Breakthrough Reported in Machine Learning-Enhanced Quantum Chemistry

Scientists develop a new learning method that incorporates quantum chemistry descriptions with conventional machine learning to predict the properties of biochemical molecules.

Image courtesy of Kipton Barros, Los Alamos National Laboratory.
The model’s structure. A neural network processes a molecular geometry to predict a semi-empirical quantum Hamiltonian, which is then solved self-consistently to predict a variety of chemical properties.

The Science

The equations of quantum mechanics provide a roadmap to predicting the properties of chemicals starting from basic scientific theories. However, these equations quickly become too expensive in terms of computer time and power when used to predict behavior in large systems. Machine learning offers a promising approach to accelerating such large-scale simulations. Researchers have shown that machine learning models can mimic the basic structure of the fundamental laws of nature. These laws can be very difficult to simulate directly.

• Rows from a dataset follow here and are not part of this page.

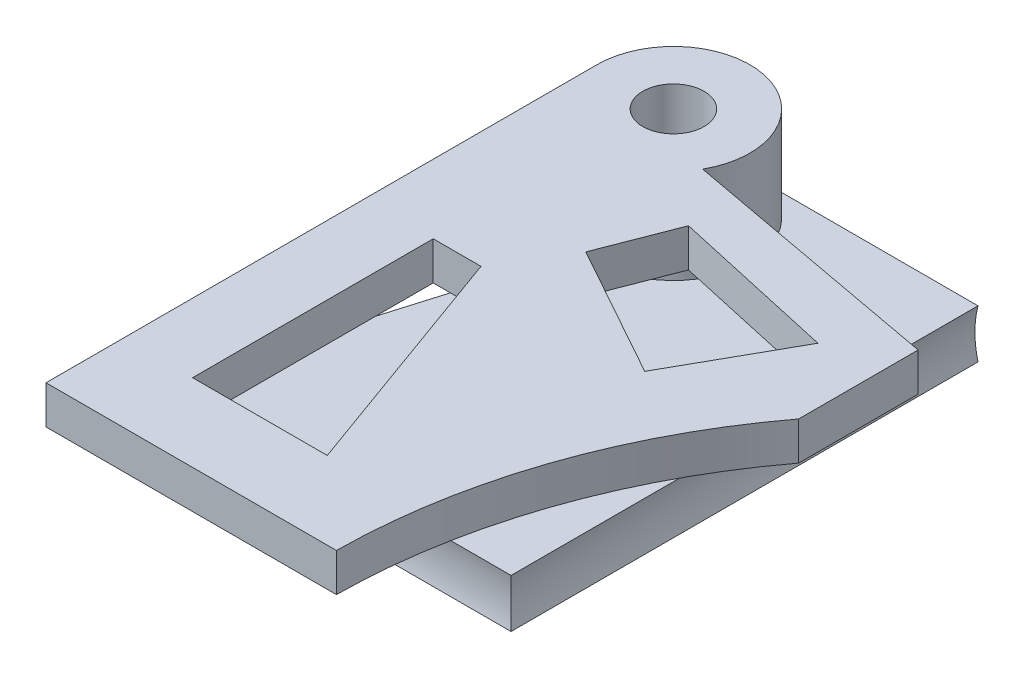
SolidWorks part; units mm, degrees
note: The reader was unsure of these and kept them because the rebuilt part matched: shared geometry of "Sketch1<3>".
ref_plane "Front Plane" through (0, 0, 0) normal (0, 0, 1) x (1, 0, 0)
ref_plane "Top Plane" through (0, 0, 0) normal (0, 1, 0) x (1, 0, 0)
ref_plane "Right Plane" through (0, 0, 0) normal (1, 0, 0) x (0, 0, -1)
sketch "Sketch1" plane through (0, 0, 0) normal (0, 1, 0) x (1, 0, 0)
  line L6 (30.8201, 40.3482) -> (30.8201, -20.6518)
  line L8 (30.8201, -20.6518) -> (-13.4276, -20.6518)
  line L9 (42.9102, -20.6518) -> (-457.0898, -20.6518) construction
  line L10 (-13.4276, -20.6518) -> (-1.1714, 20.6186)
  line L13 (30.8201, 40.3482) -> (1.7979, 40.3482)
  circle A0 centre (1, 30.38) radius 4
  circle A1 centre (1, 30.38) radius 10
  dimension "D2" = 20
  dimension "D3" = 8
  dimension "D1" = 61
extrude "Boss-Extrude1" add sketch "Sketch1" along normal blind 6.35
extrude "Boss-Extrude2" add sketch "Sketch1<3>" along normal blind 18.7
sketch "Sketch1<3>" plane through (0, 0, 0) normal (0, 1, 0) x (1, 0, 0) same geometry as "Sketch1"
ref_plane "Plane1" through (0, 9.35, 0) normal (0, 1, 0) x (1, 0, 0)
sketch "Sketch3" plane through (0, 0, 0) normal (0, 0, 1) x (1, 0, 0)
  line L0 (30.8201, 3.175) -> (121.9702, 3.175) construction
  line L1 (30.8201, 6.35) -> (30.8201, 0) construction
  circle A0 centre (42.9102, 3.175) radius 12.5
  dimension "D1" = 25
extrude "Cut-Extrude1" cut sketch "Sketch3" against normal through all both and the other way through all
sketch "Sketch4" plane through (0, 0, 0) normal (1, 0, 0) x (0, 0, -1)
  line L0 (-35.1146, 3.175) -> (-60.5591, 3.175) construction
  circle A0 centre (-32.7419, 3.175) radius 12.5
  dimension "D1" = 25
extrude "Cut-Extrude3" cut sketch "Sketch4" along normal through all both and the other way through all
sketch "Sketch5" plane through (0, 18.7, 0) normal (0, 1, 0) x (1, 0, 0)
  line L0 (-9, 30.38) -> (-9, -41.5829)
  line L5 (0, -31.4363) -> (0, 0)
  line L6 (9.7166, 25.479) -> (57.0112, 16.7371)
  line L7 (-9, -41.5829) -> (28.9389, -41.5829)
  line L8 (44.2561, 19.0948) -> (44.2561, 3.4948)
  line L9 (0, 0) -> (6.2423, 0)
  line L12 (17.595, -31.4363) -> (0, -31.4363)
  line L13 (11.4551, 8.4817) -> (15.2018, 18.1471)
  line L14 (15.2018, 18.1471) -> (36.949, 13.3144)
  line L15 (36.949, 13.3144) -> (28.816, -1.1837)
  line L16 (28.816, -1.1837) -> (11.4551, 8.4817)
  line L17 (6.2423, 0) -> (17.595, -31.4363)
  circle A0 centre (1, 30.38) radius 10 construction
  circle A1 centre (1, 30.38) radius 4
  circle A2 centre (1, 30.38) radius 10
  arc A4 (57.0112, 16.7371) -> (28.9389, -41.5829) centre (105.0586, -42.3067) ccw
extrude "Boss-Extrude3" add sketch "Sketch5" against normal blind 5
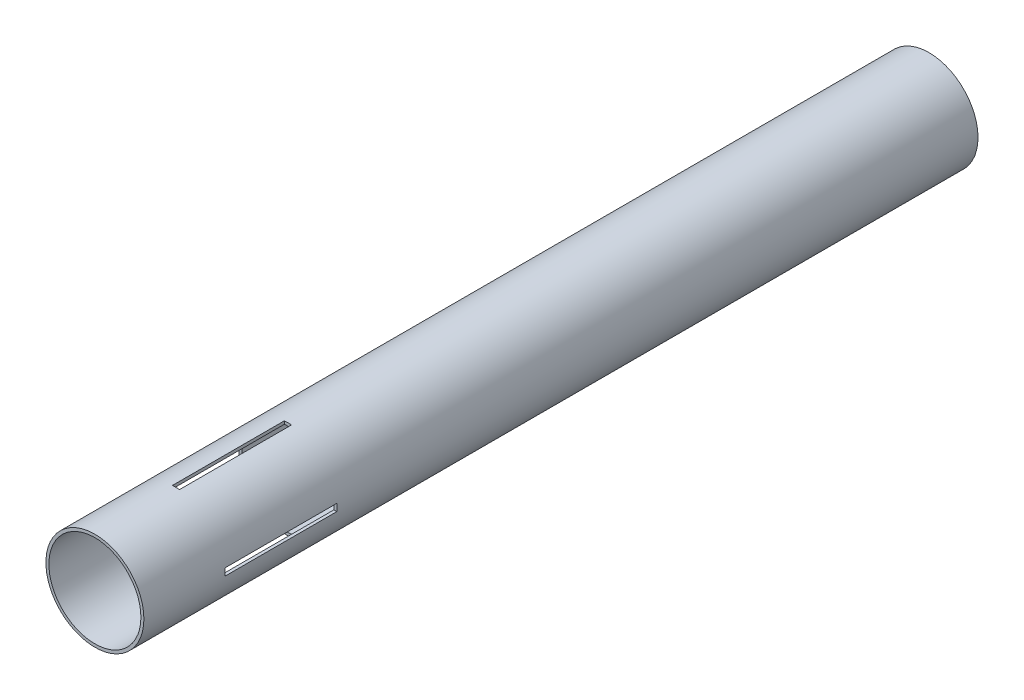
SolidWorks part; units mm, degrees
ref_plane "Front Plane" through (0, 0, 0) normal (0, 0, 1) x (1, 0, 0)
ref_plane "Top Plane" through (0, 0, 0) normal (0, 1, 0) x (1, 0, 0)
ref_plane "Right Plane" through (0, 0, 0) normal (1, 0, 0) x (0, 0, -1)
sketch "Sketch1" plane through (0, 0, 0) normal (0, 0, 1) x (1, 0, 0)
  circle A0 centre (0, 0) radius 20.555
  circle A1 centre (0, 0) radius 19.305
  dimension "D1" = 41.11
  dimension "D2" = 38.61
extrude "Boss-Extrude3" add sketch "Sketch1" against normal blind 350
ref_axis "Axis1" through (0, 0, -350) along (0, 0, 1)
sketch "Sketch2" plane through (0, 0, 0) normal (1, 0, 0) x (0, 0, -1)
  line L1 (34, 20.555) -> (81, 20.555)
  line L3 (34, 18.555) -> (81, 18.555)
  line L4 (81, 20.555) -> (81, 18.555)
  line L5 (0, 0) -> (47.1145, 0) construction
  line L6 (350, 0) -> (0, 0) construction
  line L7 (34, 20.555) -> (34, 18.555)
  line L8 (0, 20.555) -> (0, -20.555) construction
  dimension "D1" = 20.555
  dimension "D2" = 2
  dimension "D3" = 34
  dimension "D4" = 47
extrude "Cut-Extrude1" cut sketch "Sketch2" against normal mid plane 3 contours L1 L4 L3 L7
pattern_circular "CirPattern1" count 4 over 360 about axis through (0, 0, -350) along (0, 0, 1) of "Cut-Extrude1"
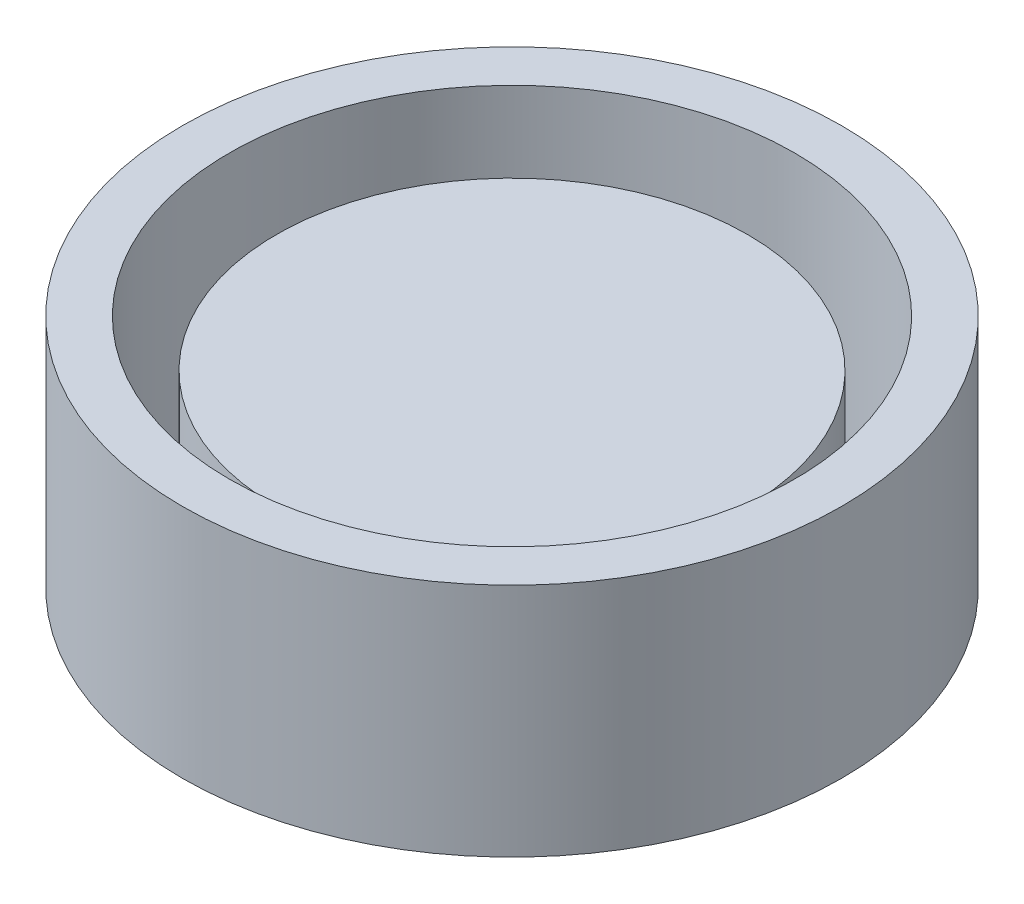
SolidWorks part; units mm, degrees
ref_plane "Front" through (0, 0, 0) normal (0, 0, 1) x (1, 0, 0)
ref_plane "Top" through (0, 0, 0) normal (0, 1, 0) x (1, 0, 0)
ref_plane "Right" through (0, 0, 0) normal (1, 0, 0) x (0, 0, -1)
sketch "Base" plane through (0, 0, 0) normal (0, 1, 0) x (1, 0, 0)
  circle A0 centre (0, 0) radius 5000
  circle A1 centre (0, 0) radius 6000
  circle A2 centre (0, 0) radius 7000
  dimension "D1" = 10000
  dimension "D2" = 12000
  dimension "D3" = 14000
extrude "Ground" add sketch "Base" along normal blind 4000 contours A0 region at (0, 0, 0)
extrude "Wall" add sketch "Sketch1<3>" along normal blind 5000 separate body contours A2 A1 region at (-6802.0101, 0, 0)
sketch "Sketch1<3>" plane through (0, 0, 0) normal (0, 1, 0) x (1, 0, 0) same geometry as "Base"
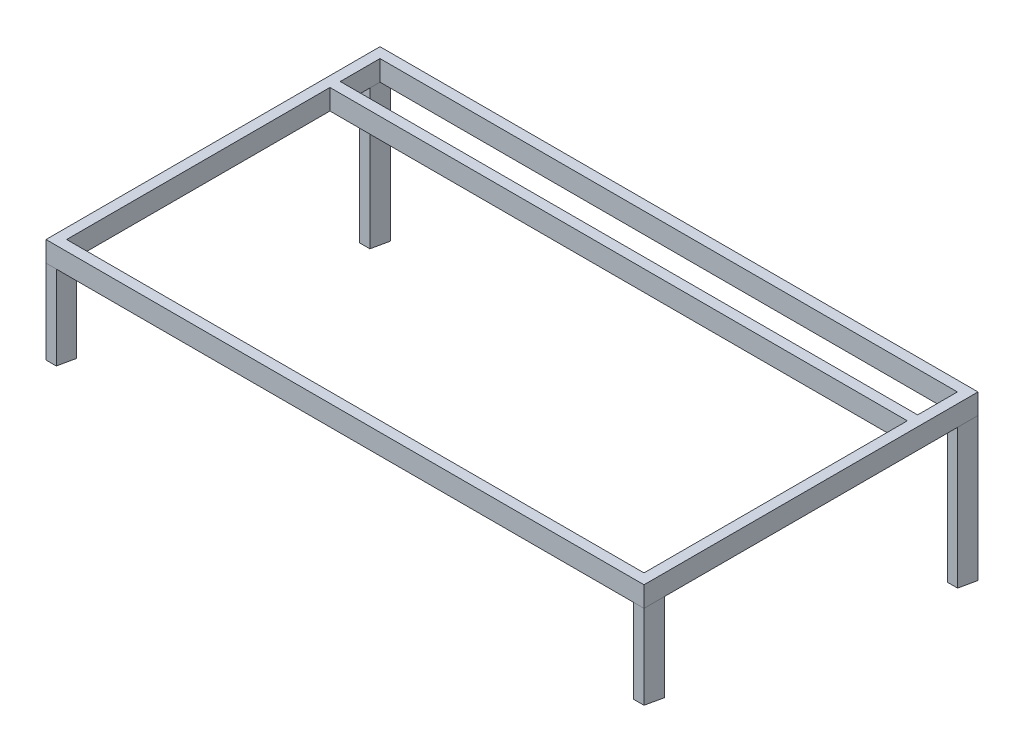
SolidWorks part; units mm, degrees
ref_plane "Front Plane" through (0, 0, 0) normal (0, 0, 1) x (1, 0, 0)
ref_plane "Top Plane" through (0, 0, 0) normal (0, 1, 0) x (1, 0, 0)
ref_plane "Right Plane" through (0, 0, 0) normal (1, 0, 0) x (0, 0, -1)
sketch "Sketch22" plane through (0, 0, 0) normal (0, 1, 0) x (1, 0, 0)
  line L0 (-712.1, 386.52) -> (712.1, 386.52)
  line L1 (-737.5, 411.92) -> (737.5, 411.92)
  line L2 (-737.5, 411.92) -> (-737.5, -411.92)
  line L3 (-737.5, -411.92) -> (737.5, -411.92)
  line L4 (737.5, 411.92) -> (737.5, -411.92)
  line L5 (-737.5, 411.92) -> (737.5, -411.92) construction
  line L6 (-737.5, -411.92) -> (737.5, 411.92) construction
  line L7 (712.1, 386.52) -> (712.1, -386.52)
  line L8 (-712.1, -386.52) -> (712.1, -386.52)
  line L9 (-712.1, 386.52) -> (-712.1, -386.52)
  point P0 (0, 0)
  dimension "D1" = 1475
  dimension "D2" = 823.84
  dimension "D3" = 25.4
extrude "Boss-Extrude3" add sketch "Sketch22" against normal blind 50.4
sketch "Sketch23" plane through (0, -50.4, 0) normal (0, -1, 0) x (1, 0, 0)
  line L0 (-712.1, -386.52) -> (-712.1, 386.52) construction
  line L1 (-737.5, 411.92) -> (-712.1, 411.92)
  line L2 (-737.5, 411.92) -> (-737.5, 361.52)
  line L3 (-737.5, 361.52) -> (-712.1, 361.52)
  line L4 (-712.1, 411.92) -> (-712.1, 361.52)
  line L5 (0, 0) -> (0, 277.5925) construction
  line L6 (712.1, 411.92) -> (712.1, 361.52)
  line L7 (737.5, 361.52) -> (712.1, 361.52)
  line L8 (737.5, 411.92) -> (737.5, 361.52)
  line L9 (737.5, 411.92) -> (712.1, 411.92)
  dimension "D1" = 50.4
extrude "Boss-Extrude4" add sketch "Sketch23" along normal blind 258.12 separate body
sketch "Sketch24" plane through (0, -50.4, 0) normal (0, -1, 0) x (1, 0, 0)
  line L0 (-712.1, -386.52) -> (-712.1, 386.52) construction
  line L1 (-737.5, -411.92) -> (-712.1, -411.92)
  line L2 (-737.5, -411.92) -> (-737.5, -361.52)
  line L3 (-737.5, -361.52) -> (-712.1, -361.52)
  line L4 (-712.1, -411.92) -> (-712.1, -361.52)
  line L5 (0, 0) -> (0, -131.3731) construction
  line L6 (712.1, -411.92) -> (712.1, -361.52)
  line L7 (737.5, -361.52) -> (712.1, -361.52)
  line L8 (737.5, -411.92) -> (737.5, -361.52)
  line L9 (737.5, -411.92) -> (712.1, -411.92)
  dimension "D1" = 50.4
extrude "Boss-Extrude5" add sketch "Sketch24" along normal blind 402.27 separate body
sketch "Sketch25" plane through (737.5, 0, 0) normal (1, 0, 0) x (0, 0, -1)
  line L0 (361.52, -393.9384) -> (411.92, -402.8253)
  line L2 (361.52, -452.67) -> (361.52, -50.4) construction
  line L3 (411.92, -452.67) -> (411.92, -50.4) construction
  line L4 (411.92, -402.8253) -> (411.92, -452.67)
  line L5 (411.92, -452.67) -> (-411.92, -452.67)
  line L6 (-411.92, -452.67) -> (-411.92, -257.5601)
  line L7 (-411.92, -308.52) -> (-411.92, -50.4) construction
  line L8 (-411.92, -257.5601) -> (-361.52, -266.447)
  line L9 (-361.52, -308.52) -> (-361.52, -50.4) construction
  line L10 (-361.52, -266.447) -> (-361.52, -308.52)
  line L11 (-361.52, -308.52) -> (361.52, -393.9384)
  line L12 (411.92, -50.4) -> (361.52, -50.4) construction
  dimension "D1" = 207.1601
  dimension "D2" = 216.047
extrude "Cut-Extrude1" cut sketch "Sketch25" against normal through all
sketch "Sketch26" plane through (0, 0, 0) normal (0, 1, 0) x (1, 0, 0)
  line L0 (-712.1, 386.52) -> (-712.1, -386.52) construction
  line L1 (-712.1, 288.45) -> (712.1, 288.45)
  line L2 (-712.1, 288.45) -> (-712.1, 263.05)
  line L3 (-712.1, 263.05) -> (712.1, 263.05)
  line L4 (712.1, 288.45) -> (712.1, 263.05)
  line L5 (712.1, -386.52) -> (712.1, 386.52) construction
  line L7 (712.1, 386.52) -> (-712.1, 386.52) construction
  dimension "D1" = 25.4
  dimension "D2" = 123.47
extrude "Boss-Extrude6" add sketch "Sketch26" against normal up to surface (50.4 mm away) up to face at (0, -50.4, 0)

The machine learning approach enables predictions that are easy to compute and are accurate in a wide range of chemical systems.

The Impact

The improved machine learning model can quickly and accurately predict a wide range of properties of molecules. These approaches score very well on important benchmarks in computational chemistry and show how deep learning methods can continue to improve by incorporating more data from experiments. The model can also succeed at challenging tasks such as predicting excited state dynamics—how systems behave with elevated energy levels. This tool is a breakthrough capability for quantum chemistry. It will allow researchers to better understand the reactivity and excited states of new molecules.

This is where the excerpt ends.